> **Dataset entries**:
━━━
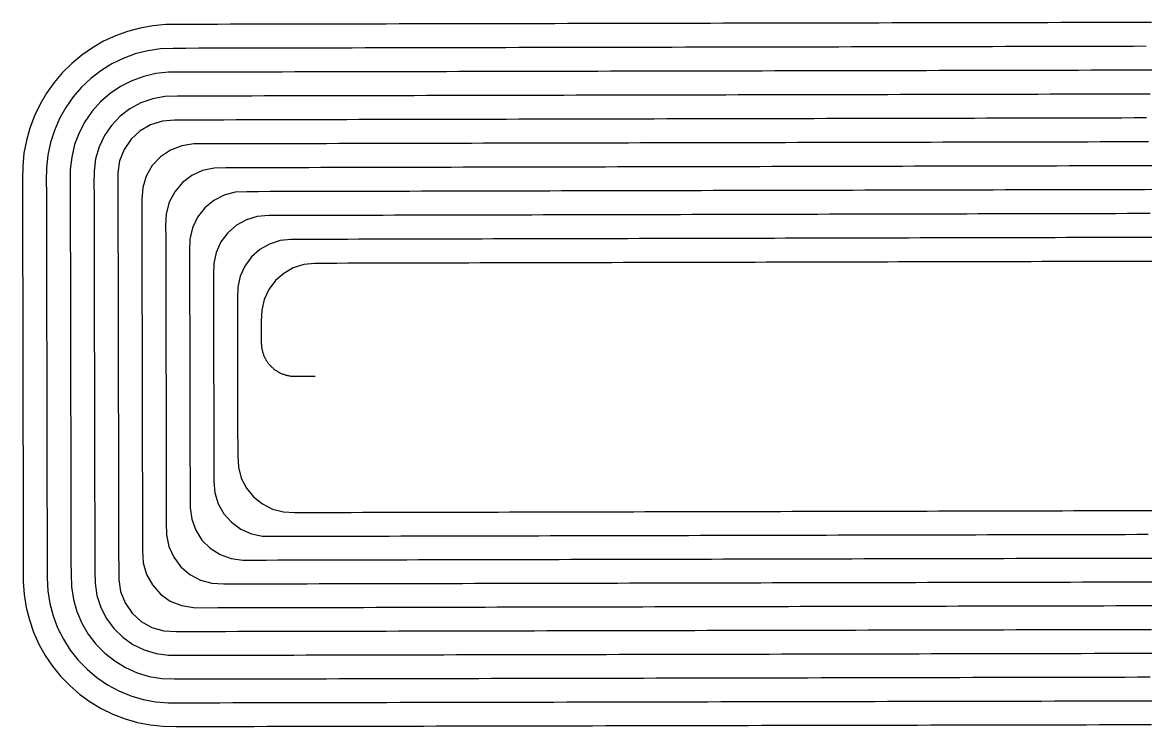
# Model space of a CAD drawing. Header units: millimetres. Extents: x -39.2 to 50.5, y -5.2 to 5.4.
# Drawn here: x -39.23 to -22.52, y -5.21 to 5.27 of the extents above; entities that cross this region are included whole.
import ezdxf

# ---------------------------------------------------------------- set-up
doc = ezdxf.new("R2010")
doc.units = ezdxf.units.MM
doc.layers.add('COPPER_L1_TOP', color=7, linetype='CONTINUOUS')

msp = doc.modelspace()

# ---------------------------------------------------------------- linework, layer by layer
at = {"layer": 'COPPER_L1_TOP'}
for points in [[(-31.312, 5.252), (-31.505, 5.252), (-31.698, 5.252), (-31.891, 5.251), (-32.084, 5.251), (-32.277, 5.251), (-32.47, 5.25), (-32.663, 5.25), (-32.856, 5.249), (-33.049, 5.249), (-33.242, 5.249), (-33.435, 5.248), (-33.628, 5.248), (-33.821, 5.247), (-34.014, 5.247), (-34.207, 5.247), (-34.4, 5.246), (-34.593, 5.246), (-34.786, 5.245), (-34.979, 5.245), (-35.172, 5.245), (-35.365, 5.244), (-35.558, 5.244), (-35.751, 5.243), (-35.944, 5.243), (-36.136, 5.243), (-36.329, 5.242), (-36.522, 5.242), (-36.715, 5.241), (-36.908, 5.241), (-37.101, 5.238), (-37.293, 5.221), (-37.483, 5.187), (-37.669, 5.137), (-37.85, 5.071), (-38.025, 4.99), (-38.193, 4.894), (-38.351, 4.784), (-38.5, 4.66), (-38.637, 4.525), (-38.762, 4.378), (-38.874, 4.22), (-38.972, 4.054), (-39.055, 3.879), (-39.123, 3.698), (-39.175, 3.512), (-39.211, 3.322), (-39.23, 3.13), (-39.234, 2.937), (-39.233, 2.743), (-39.233, 2.55), (-39.232, 2.357), (-39.232, 2.163), (-39.232, 1.97), (-39.231, 1.776), (-39.231, 1.583), (-39.23, 1.39), (-39.23, 1.196), (-39.23, 1.003), (-39.229, 0.81), (-39.229, 0.616), (-39.228, 0.423), (-39.228, 0.23), (-39.228, 0.036), (-39.227, -0.157), (-39.227, -0.35), (-39.226, -0.544), (-39.226, -0.737), (-39.226, -0.93), (-39.225, -1.123), (-39.225, -1.317), (-39.224, -1.51), (-39.224, -1.703), (-39.224, -1.896), (-39.223, -2.09), (-39.223, -2.283), (-39.223, -2.476), (-39.222, -2.669), (-39.222, -2.863), (-39.221, -3.056), (-39.207, -3.249), (-39.177, -3.439), (-39.13, -3.627), (-39.067, -3.81), (-38.988, -3.986), (-38.894, -4.155), (-38.786, -4.316), (-38.665, -4.466), (-38.53, -4.605), (-38.384, -4.732), (-38.228, -4.846), (-38.062, -4.946), (-37.888, -5.03), (-37.707, -5.1), (-37.521, -5.153), (-37.331, -5.19), (-37.139, -5.21), (-36.945, -5.214), (-36.751, -5.214), (-36.558, -5.213), (-36.364, -5.213), (-36.17, -5.213), (-35.976, -5.212), (-35.783, -5.212), (-35.589, -5.211), (-35.395, -5.211), (-35.202, -5.211), (-35.008, -5.21), (-34.814, -5.21), (-34.62, -5.21), (-34.427, -5.209), (-34.233, -5.209), (-34.039, -5.208), (-33.846, -5.208), (-33.652, -5.208), (-33.459, -5.207), (-33.265, -5.207), (-33.071, -5.206), (-32.878, -5.206), (-32.684, -5.206), (-32.49, -5.205), (-32.297, -5.205), (-32.103, -5.204), (-31.91, -5.204), (-31.716, -5.204), (-31.522, -5.203), (-31.329, -5.203), (-31.135, -5.202), (-30.942, -5.202), (-30.748, -5.202), (-30.554, -5.201), (-30.361, -5.201), (-30.167, -5.2), (-29.974, -5.2), (-29.78, -5.2), (-29.587, -5.199), (-29.393, -5.199), (-29.2, -5.198), (-29.006, -5.198), (-28.813, -5.198), (-28.619, -5.197), (-28.426, -5.197), (-28.232, -5.196), (-28.039, -5.196), (-27.845, -5.196), (-27.652, -5.195), (-27.458, -5.195), (-27.265, -5.195), (-27.071, -5.194), (-26.878, -5.194), (-26.684, -5.193), (-26.491, -5.193), (-26.297, -5.193), (-26.104, -5.192), (-25.911, -5.192), (-25.717, -5.191), (-25.524, -5.191), (-25.33, -5.191), (-25.137, -5.19), (-24.943, -5.19), (-24.75, -5.189), (-24.557, -5.189), (-24.363, -5.189), (-24.17, -5.188), (-23.976, -5.188), (-23.783, -5.187), (-23.59, -5.187), (-23.396, -5.187), (-23.203, -5.186), (-23.01, -5.186), (-22.816, -5.185), (-22.623, -5.185), (-22.43, -5.185)], [(-22.427, 5.271), (-22.62, 5.27), (-22.813, 5.27), (-23.006, 5.269), (-23.2, 5.269), (-23.393, 5.269), (-23.586, 5.268), (-23.779, 5.268), (-23.973, 5.267), (-24.166, 5.267), (-24.359, 5.267), (-24.552, 5.266), (-24.746, 5.266), (-24.939, 5.266), (-25.132, 5.265), (-25.325, 5.265), (-25.519, 5.264), (-25.712, 5.264), (-25.905, 5.264), (-26.098, 5.263), (-26.291, 5.263), (-26.484, 5.262), (-26.678, 5.262), (-26.871, 5.262), (-27.064, 5.261), (-27.257, 5.261), (-27.45, 5.26), (-27.643, 5.26), (-27.837, 5.26), (-28.03, 5.259), (-28.223, 5.259), (-28.416, 5.258), (-28.609, 5.258), (-28.802, 5.258), (-28.995, 5.257), (-29.188, 5.257), (-29.382, 5.256), (-29.575, 5.256), (-29.768, 5.256), (-29.961, 5.255), (-30.154, 5.255), (-30.347, 5.254), (-30.54, 5.254), (-30.733, 5.254), (-30.926, 5.253), (-31.119, 5.253), (-31.312, 5.252)], [(-26.321, 4.907), (-26.511, 4.907), (-26.702, 4.906), (-26.893, 4.906), (-27.083, 4.905), (-27.274, 4.905), (-27.465, 4.905), (-27.655, 4.904), (-27.846, 4.904), (-28.037, 4.903), (-28.227, 4.903), (-28.418, 4.903), (-28.609, 4.902), (-28.799, 4.902), (-28.99, 4.901), (-29.18, 4.901), (-29.371, 4.901), (-29.562, 4.9), (-29.752, 4.9), (-29.943, 4.899), (-30.133, 4.899), (-30.324, 4.899), (-30.515, 4.898), (-30.705, 4.898), (-30.896, 4.898), (-31.086, 4.897), (-31.277, 4.897), (-31.467, 4.896), (-31.658, 4.896), (-31.848, 4.896), (-32.039, 4.895), (-32.229, 4.895), (-32.42, 4.894), (-32.611, 4.894), (-32.801, 4.894), (-32.992, 4.893), (-33.182, 4.893), (-33.373, 4.892), (-33.563, 4.892), (-33.754, 4.892), (-33.944, 4.891), (-34.134, 4.891), (-34.325, 4.89), (-34.515, 4.89), (-34.706, 4.89), (-34.896, 4.889), (-35.087, 4.889), (-35.277, 4.888), (-35.468, 4.888), (-35.658, 4.888), (-35.848, 4.887), (-36.039, 4.887), (-36.229, 4.886), (-36.42, 4.886), (-36.61, 4.886), (-36.8, 4.885), (-36.991, 4.885), (-37.181, 4.876), (-37.369, 4.848), (-37.554, 4.801), (-37.733, 4.735), (-37.904, 4.652), (-38.066, 4.552), (-38.217, 4.436), (-38.356, 4.305), (-38.48, 4.161), (-38.59, 4.005), (-38.683, 3.839), (-38.759, 3.664), (-38.817, 3.482), (-38.856, 3.295), (-38.876, 3.105), (-38.879, 2.915), (-38.878, 2.724), (-38.878, 2.533), (-38.877, 2.342), (-38.877, 2.151), (-38.877, 1.96), (-38.876, 1.769), (-38.876, 1.578), (-38.875, 1.387), (-38.875, 1.197), (-38.875, 1.006), (-38.874, 0.815), (-38.874, 0.624), (-38.873, 0.433), (-38.873, 0.242), (-38.873, 0.051), (-38.872, -0.139), (-38.872, -0.33), (-38.871, -0.521), (-38.871, -0.712), (-38.871, -0.903), (-38.87, -1.094), (-38.87, -1.284), (-38.87, -1.475), (-38.869, -1.666), (-38.869, -1.857), (-38.868, -2.047), (-38.868, -2.238), (-38.868, -2.429), (-38.867, -2.62), (-38.867, -2.811), (-38.866, -3.001), (-38.856, -3.192), (-38.826, -3.38), (-38.778, -3.564), (-38.71, -3.743), (-38.625, -3.914), (-38.523, -4.075), (-38.405, -4.225), (-38.272, -4.362), (-38.125, -4.484), (-37.967, -4.592), (-37.799, -4.682), (-37.622, -4.755), (-37.439, -4.809), (-37.251, -4.844), (-37.061, -4.859), (-36.869, -4.86), (-36.678, -4.86), (-36.487, -4.859), (-36.295, -4.859), (-36.104, -4.858), (-35.913, -4.858), (-35.722, -4.858), (-35.53, -4.857), (-35.339, -4.857), (-35.148, -4.857), (-34.957, -4.856), (-34.766, -4.856), (-34.574, -4.855), (-34.383, -4.855), (-34.192, -4.855), (-34.001, -4.854), (-33.81, -4.854), (-33.618, -4.853), (-33.427, -4.853), (-33.236, -4.853), (-33.045, -4.852), (-32.854, -4.852), (-32.662, -4.851), (-32.471, -4.851), (-32.28, -4.851), (-32.089, -4.85), (-31.898, -4.85), (-31.707, -4.849), (-31.516, -4.849), (-31.325, -4.849), (-31.133, -4.848), (-30.942, -4.848), (-30.751, -4.847), (-30.56, -4.847), (-30.369, -4.847), (-30.178, -4.846), (-29.987, -4.846), (-29.796, -4.845), (-29.605, -4.845), (-29.414, -4.845), (-29.223, -4.844), (-29.031, -4.844), (-28.84, -4.843), (-28.649, -4.843), (-28.458, -4.843), (-28.267, -4.842), (-28.076, -4.842), (-27.885, -4.842), (-27.694, -4.841), (-27.503, -4.841), (-27.312, -4.84), (-27.121, -4.84), (-26.93, -4.84), (-26.739, -4.839), (-26.548, -4.839), (-26.357, -4.838), (-26.166, -4.838), (-25.975, -4.838), (-25.784, -4.837), (-25.593, -4.837), (-25.402, -4.836), (-25.212, -4.836), (-25.021, -4.836), (-24.83, -4.835), (-24.639, -4.835), (-24.448, -4.834), (-24.257, -4.834), (-24.066, -4.834), (-23.875, -4.833), (-23.684, -4.833), (-23.493, -4.832), (-23.302, -4.832), (-23.111, -4.832), (-22.921, -4.831), (-22.73, -4.831), (-22.539, -4.83), (-22.348, -4.83)], [(-22.506, 4.915), (-22.696, 4.914), (-22.887, 4.914), (-23.078, 4.914), (-23.269, 4.913), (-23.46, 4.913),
━━━
> **Prompt**:
Your task is to copy every line of the entries that contains the string "ezdxf".

> **Task solution**:
import ezdxf
doc = ezdxf.new("R2010")
doc.units = ezdxf.units.MM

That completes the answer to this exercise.